*** Opening Exercise materials ***

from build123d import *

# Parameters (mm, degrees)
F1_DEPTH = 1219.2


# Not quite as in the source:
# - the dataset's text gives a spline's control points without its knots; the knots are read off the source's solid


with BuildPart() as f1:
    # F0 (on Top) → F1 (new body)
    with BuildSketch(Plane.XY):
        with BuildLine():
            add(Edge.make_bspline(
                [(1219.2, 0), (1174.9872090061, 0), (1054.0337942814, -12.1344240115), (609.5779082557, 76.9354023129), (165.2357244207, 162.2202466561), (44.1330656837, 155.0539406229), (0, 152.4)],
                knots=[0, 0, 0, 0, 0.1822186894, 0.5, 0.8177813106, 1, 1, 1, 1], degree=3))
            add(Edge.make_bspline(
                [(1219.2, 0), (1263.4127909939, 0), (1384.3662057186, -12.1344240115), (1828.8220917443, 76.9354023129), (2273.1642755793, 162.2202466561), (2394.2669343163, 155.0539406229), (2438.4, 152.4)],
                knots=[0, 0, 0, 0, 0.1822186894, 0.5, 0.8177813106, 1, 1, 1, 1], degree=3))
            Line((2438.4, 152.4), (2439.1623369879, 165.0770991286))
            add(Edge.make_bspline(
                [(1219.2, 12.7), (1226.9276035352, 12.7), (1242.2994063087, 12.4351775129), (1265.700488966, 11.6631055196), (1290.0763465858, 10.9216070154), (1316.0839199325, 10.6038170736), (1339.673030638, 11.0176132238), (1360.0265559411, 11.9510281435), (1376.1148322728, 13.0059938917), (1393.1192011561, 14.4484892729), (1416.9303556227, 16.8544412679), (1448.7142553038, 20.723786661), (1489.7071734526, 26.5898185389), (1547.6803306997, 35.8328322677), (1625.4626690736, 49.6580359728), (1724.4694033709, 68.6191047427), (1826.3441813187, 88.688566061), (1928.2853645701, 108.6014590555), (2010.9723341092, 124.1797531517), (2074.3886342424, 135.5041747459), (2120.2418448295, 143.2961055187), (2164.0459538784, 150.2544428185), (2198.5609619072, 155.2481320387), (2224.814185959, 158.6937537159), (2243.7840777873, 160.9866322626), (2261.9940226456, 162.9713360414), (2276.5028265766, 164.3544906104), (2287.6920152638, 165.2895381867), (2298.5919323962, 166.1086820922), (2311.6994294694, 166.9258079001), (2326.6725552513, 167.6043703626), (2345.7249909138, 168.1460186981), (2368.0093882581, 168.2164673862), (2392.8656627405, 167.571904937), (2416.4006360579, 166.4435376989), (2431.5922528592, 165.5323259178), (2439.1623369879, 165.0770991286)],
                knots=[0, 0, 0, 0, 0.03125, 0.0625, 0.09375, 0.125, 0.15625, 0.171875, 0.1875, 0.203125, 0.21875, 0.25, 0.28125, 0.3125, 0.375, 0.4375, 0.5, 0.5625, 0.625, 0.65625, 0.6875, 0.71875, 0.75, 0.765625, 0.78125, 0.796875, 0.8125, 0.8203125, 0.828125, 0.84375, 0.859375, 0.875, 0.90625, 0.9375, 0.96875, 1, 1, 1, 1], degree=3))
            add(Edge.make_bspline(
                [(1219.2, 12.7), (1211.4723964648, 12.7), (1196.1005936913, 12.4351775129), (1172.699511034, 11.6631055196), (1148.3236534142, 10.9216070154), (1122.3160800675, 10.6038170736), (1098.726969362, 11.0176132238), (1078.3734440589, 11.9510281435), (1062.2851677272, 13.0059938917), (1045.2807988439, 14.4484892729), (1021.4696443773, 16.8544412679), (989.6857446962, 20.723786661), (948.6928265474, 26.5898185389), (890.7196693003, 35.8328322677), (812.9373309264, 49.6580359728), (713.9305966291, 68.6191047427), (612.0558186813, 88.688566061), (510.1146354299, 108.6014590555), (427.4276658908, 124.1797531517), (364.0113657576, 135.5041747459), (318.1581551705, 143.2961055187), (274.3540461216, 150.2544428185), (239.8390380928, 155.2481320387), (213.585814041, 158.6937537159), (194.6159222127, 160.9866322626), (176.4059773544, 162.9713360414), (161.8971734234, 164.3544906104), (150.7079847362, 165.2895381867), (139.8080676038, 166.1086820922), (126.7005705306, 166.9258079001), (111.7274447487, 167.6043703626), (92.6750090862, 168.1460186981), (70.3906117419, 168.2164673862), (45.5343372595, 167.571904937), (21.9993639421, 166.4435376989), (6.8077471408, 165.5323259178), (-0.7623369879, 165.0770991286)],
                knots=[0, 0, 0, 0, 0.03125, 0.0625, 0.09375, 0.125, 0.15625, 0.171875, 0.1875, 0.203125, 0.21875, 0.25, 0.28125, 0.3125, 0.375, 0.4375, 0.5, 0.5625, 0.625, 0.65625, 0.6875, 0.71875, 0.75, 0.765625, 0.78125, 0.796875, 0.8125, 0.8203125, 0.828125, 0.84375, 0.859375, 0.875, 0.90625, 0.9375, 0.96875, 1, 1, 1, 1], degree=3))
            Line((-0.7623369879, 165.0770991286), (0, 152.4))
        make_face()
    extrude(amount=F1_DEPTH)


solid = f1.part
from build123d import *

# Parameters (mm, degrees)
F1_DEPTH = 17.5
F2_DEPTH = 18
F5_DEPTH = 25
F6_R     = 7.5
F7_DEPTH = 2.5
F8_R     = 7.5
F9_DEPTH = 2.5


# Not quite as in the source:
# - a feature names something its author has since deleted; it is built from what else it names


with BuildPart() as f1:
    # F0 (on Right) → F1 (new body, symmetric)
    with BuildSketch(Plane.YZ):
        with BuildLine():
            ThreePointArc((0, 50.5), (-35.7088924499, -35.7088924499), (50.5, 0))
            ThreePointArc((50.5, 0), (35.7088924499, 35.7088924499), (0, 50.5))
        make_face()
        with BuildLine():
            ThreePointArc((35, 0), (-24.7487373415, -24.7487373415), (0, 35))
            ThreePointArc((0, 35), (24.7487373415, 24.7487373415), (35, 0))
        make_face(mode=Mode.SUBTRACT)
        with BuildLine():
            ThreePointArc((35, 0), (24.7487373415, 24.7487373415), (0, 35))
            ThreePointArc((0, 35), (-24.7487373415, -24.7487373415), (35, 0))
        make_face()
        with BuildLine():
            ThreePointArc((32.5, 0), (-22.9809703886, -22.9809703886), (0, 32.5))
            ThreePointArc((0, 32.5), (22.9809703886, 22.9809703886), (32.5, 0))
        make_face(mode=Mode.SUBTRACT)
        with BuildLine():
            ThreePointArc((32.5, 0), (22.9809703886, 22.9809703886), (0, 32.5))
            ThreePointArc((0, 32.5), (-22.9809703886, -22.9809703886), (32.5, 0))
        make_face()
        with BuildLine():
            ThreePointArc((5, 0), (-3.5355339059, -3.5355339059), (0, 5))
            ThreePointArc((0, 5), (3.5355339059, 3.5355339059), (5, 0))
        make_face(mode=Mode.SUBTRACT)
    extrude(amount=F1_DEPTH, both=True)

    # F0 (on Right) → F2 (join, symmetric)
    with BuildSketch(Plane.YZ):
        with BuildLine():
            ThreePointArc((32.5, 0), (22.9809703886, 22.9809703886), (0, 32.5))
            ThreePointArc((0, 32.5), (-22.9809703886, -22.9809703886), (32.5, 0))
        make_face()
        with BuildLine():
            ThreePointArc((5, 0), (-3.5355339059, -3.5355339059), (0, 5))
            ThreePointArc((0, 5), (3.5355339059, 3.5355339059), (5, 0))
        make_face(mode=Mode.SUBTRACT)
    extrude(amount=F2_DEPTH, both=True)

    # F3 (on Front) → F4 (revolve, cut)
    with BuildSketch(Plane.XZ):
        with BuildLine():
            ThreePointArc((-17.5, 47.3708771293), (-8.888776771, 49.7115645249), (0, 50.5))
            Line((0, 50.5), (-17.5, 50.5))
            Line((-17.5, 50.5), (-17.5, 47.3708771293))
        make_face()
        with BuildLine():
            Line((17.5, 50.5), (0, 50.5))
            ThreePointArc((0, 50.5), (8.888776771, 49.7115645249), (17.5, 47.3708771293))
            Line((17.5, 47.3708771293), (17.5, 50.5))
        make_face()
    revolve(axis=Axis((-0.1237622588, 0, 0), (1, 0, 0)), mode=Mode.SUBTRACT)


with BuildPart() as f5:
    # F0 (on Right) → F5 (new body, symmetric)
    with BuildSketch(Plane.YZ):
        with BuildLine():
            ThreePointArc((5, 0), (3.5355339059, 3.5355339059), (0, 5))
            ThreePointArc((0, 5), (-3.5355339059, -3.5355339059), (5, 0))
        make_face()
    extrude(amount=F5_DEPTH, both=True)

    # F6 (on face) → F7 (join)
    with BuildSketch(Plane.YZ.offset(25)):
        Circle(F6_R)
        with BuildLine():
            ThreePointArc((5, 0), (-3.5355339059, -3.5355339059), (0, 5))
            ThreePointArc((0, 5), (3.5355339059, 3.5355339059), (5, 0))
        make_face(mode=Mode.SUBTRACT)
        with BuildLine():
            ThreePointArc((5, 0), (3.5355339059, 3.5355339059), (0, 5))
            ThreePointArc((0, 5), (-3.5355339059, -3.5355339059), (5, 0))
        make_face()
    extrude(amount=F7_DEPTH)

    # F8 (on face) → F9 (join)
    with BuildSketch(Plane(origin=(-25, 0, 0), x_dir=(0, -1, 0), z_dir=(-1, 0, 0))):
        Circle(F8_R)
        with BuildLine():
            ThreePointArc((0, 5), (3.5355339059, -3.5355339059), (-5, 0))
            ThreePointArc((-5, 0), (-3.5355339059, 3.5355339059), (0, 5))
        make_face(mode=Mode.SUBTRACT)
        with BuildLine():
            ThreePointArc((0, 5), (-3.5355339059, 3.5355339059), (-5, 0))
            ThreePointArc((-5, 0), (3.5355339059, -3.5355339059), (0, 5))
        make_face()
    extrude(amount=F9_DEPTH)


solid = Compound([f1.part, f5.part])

*** Closing Exercise materials ***

Task goal ▸
Lines above holding "body": give their count, nothing more.

Completed exercise ▸
3